### SUPPLIED ENTRIES
========
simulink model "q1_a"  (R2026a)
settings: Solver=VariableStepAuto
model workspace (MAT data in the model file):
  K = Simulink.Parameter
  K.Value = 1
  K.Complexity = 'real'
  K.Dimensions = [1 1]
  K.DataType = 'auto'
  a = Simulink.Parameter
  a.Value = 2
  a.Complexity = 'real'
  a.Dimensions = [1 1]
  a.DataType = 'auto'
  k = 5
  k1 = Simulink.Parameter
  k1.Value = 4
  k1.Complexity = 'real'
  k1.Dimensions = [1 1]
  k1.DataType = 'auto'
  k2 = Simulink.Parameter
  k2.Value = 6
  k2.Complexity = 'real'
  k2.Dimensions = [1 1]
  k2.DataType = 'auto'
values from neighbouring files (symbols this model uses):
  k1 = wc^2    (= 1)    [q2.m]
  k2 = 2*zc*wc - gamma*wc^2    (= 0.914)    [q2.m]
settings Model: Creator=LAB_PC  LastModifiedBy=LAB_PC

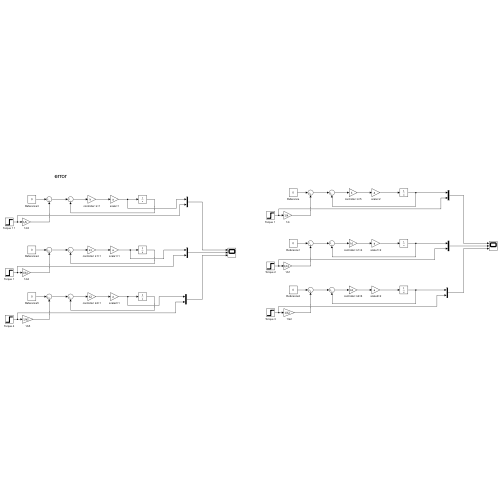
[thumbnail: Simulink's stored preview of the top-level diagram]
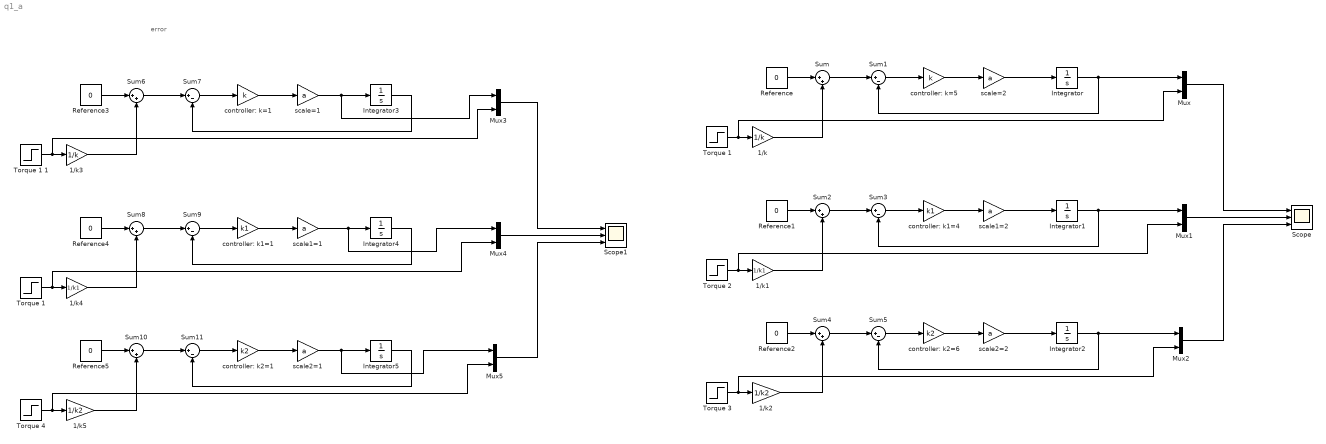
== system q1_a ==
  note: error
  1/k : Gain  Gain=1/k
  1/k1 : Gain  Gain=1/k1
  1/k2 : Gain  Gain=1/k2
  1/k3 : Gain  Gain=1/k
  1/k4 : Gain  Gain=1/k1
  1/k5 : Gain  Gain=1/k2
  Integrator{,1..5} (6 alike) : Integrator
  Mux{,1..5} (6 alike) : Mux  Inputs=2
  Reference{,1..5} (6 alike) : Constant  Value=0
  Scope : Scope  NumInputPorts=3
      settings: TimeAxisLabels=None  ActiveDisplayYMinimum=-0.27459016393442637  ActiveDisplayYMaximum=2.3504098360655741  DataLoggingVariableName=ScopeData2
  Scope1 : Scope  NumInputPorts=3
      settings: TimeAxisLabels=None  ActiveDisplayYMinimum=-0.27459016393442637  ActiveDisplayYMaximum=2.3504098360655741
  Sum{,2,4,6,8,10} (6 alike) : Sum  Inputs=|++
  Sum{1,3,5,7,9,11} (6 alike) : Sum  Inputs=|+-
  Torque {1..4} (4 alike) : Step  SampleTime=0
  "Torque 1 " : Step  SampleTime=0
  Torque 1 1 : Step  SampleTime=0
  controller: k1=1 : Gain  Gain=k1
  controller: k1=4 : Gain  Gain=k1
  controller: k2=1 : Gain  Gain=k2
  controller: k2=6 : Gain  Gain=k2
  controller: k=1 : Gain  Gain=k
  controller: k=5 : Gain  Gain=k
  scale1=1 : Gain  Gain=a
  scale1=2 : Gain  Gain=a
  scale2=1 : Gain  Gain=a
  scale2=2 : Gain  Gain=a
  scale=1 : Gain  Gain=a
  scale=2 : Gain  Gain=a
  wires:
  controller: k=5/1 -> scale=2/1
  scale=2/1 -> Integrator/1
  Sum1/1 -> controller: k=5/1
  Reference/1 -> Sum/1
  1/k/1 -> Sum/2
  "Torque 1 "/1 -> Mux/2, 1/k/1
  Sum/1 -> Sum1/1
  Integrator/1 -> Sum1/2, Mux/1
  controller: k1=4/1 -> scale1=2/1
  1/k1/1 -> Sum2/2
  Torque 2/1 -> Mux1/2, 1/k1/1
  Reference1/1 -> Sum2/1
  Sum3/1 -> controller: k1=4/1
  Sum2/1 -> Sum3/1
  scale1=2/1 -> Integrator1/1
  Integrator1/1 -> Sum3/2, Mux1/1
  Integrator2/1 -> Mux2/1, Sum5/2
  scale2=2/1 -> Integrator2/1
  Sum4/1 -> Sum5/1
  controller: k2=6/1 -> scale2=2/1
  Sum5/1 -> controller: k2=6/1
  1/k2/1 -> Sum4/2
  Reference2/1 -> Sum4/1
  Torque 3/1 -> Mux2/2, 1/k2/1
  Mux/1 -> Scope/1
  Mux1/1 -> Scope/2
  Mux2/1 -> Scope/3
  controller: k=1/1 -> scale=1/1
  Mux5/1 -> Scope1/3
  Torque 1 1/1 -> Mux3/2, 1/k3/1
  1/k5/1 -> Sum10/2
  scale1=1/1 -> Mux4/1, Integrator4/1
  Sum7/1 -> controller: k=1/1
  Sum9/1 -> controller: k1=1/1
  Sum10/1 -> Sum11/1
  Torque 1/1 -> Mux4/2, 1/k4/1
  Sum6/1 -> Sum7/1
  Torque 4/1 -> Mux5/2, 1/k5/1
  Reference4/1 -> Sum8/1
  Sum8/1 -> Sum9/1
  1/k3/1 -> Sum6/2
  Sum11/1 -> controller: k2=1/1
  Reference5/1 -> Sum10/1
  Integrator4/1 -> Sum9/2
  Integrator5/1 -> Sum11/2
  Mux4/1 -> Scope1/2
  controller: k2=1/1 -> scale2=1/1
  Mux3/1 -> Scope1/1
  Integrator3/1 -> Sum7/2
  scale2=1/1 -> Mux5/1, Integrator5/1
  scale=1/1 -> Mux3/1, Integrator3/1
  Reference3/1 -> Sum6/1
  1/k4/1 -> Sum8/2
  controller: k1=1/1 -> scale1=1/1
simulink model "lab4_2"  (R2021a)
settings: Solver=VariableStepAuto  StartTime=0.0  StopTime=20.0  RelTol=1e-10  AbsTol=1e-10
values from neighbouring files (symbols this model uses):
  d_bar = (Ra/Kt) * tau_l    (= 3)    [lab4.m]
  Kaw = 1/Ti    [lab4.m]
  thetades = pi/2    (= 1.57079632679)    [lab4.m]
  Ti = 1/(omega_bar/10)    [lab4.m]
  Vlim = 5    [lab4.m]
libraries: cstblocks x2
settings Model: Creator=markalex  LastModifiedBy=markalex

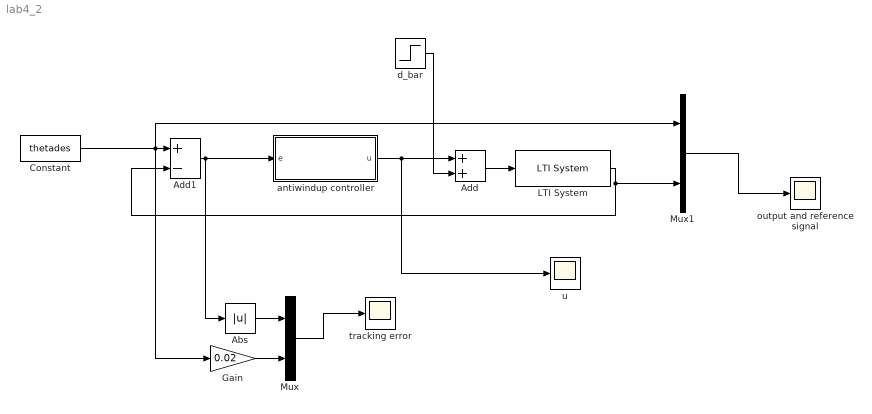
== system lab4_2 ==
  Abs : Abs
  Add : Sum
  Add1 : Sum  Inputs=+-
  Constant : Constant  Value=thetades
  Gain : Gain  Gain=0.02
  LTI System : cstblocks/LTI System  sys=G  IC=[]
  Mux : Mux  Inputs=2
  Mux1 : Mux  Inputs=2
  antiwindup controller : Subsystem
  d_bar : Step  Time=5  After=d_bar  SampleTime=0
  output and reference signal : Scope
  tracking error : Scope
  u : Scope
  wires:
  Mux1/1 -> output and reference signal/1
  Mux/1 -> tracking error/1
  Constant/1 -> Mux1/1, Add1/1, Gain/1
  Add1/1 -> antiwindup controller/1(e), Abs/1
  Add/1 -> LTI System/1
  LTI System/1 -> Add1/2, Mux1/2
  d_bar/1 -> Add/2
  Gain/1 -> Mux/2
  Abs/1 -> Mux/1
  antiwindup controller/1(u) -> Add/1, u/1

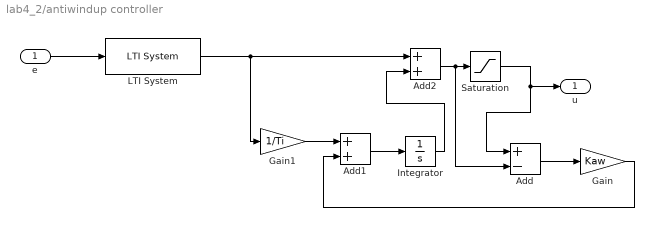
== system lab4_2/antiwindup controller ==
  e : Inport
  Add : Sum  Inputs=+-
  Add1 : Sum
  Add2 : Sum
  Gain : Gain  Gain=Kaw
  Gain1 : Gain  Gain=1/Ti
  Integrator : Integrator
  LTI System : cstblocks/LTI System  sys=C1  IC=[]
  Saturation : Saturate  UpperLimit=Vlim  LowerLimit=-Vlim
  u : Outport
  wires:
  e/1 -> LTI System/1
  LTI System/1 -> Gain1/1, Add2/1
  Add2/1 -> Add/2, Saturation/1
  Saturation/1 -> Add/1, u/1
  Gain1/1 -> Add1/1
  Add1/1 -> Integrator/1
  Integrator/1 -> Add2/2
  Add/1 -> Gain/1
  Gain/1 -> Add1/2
========
### EXERCISE AIM
Could you repeat exactly the lines in the listing above from the one with "1/k/1 -> Sum/2" down to the one with "Sum3/1 -> controller: k1=4/1"? Include both of those lines.

### TASK RESPONSE
  1/k/1 -> Sum/2
  "Torque 1 "/1 -> Mux/2, 1/k/1
  Sum/1 -> Sum1/1
  Integrator/1 -> Sum1/2, Mux/1
  controller: k1=4/1 -> scale1=2/1
  1/k1/1 -> Sum2/2
  Torque 2/1 -> Mux1/2, 1/k1/1
  Reference1/1 -> Sum2/1
  Sum3/1 -> controller: k1=4/1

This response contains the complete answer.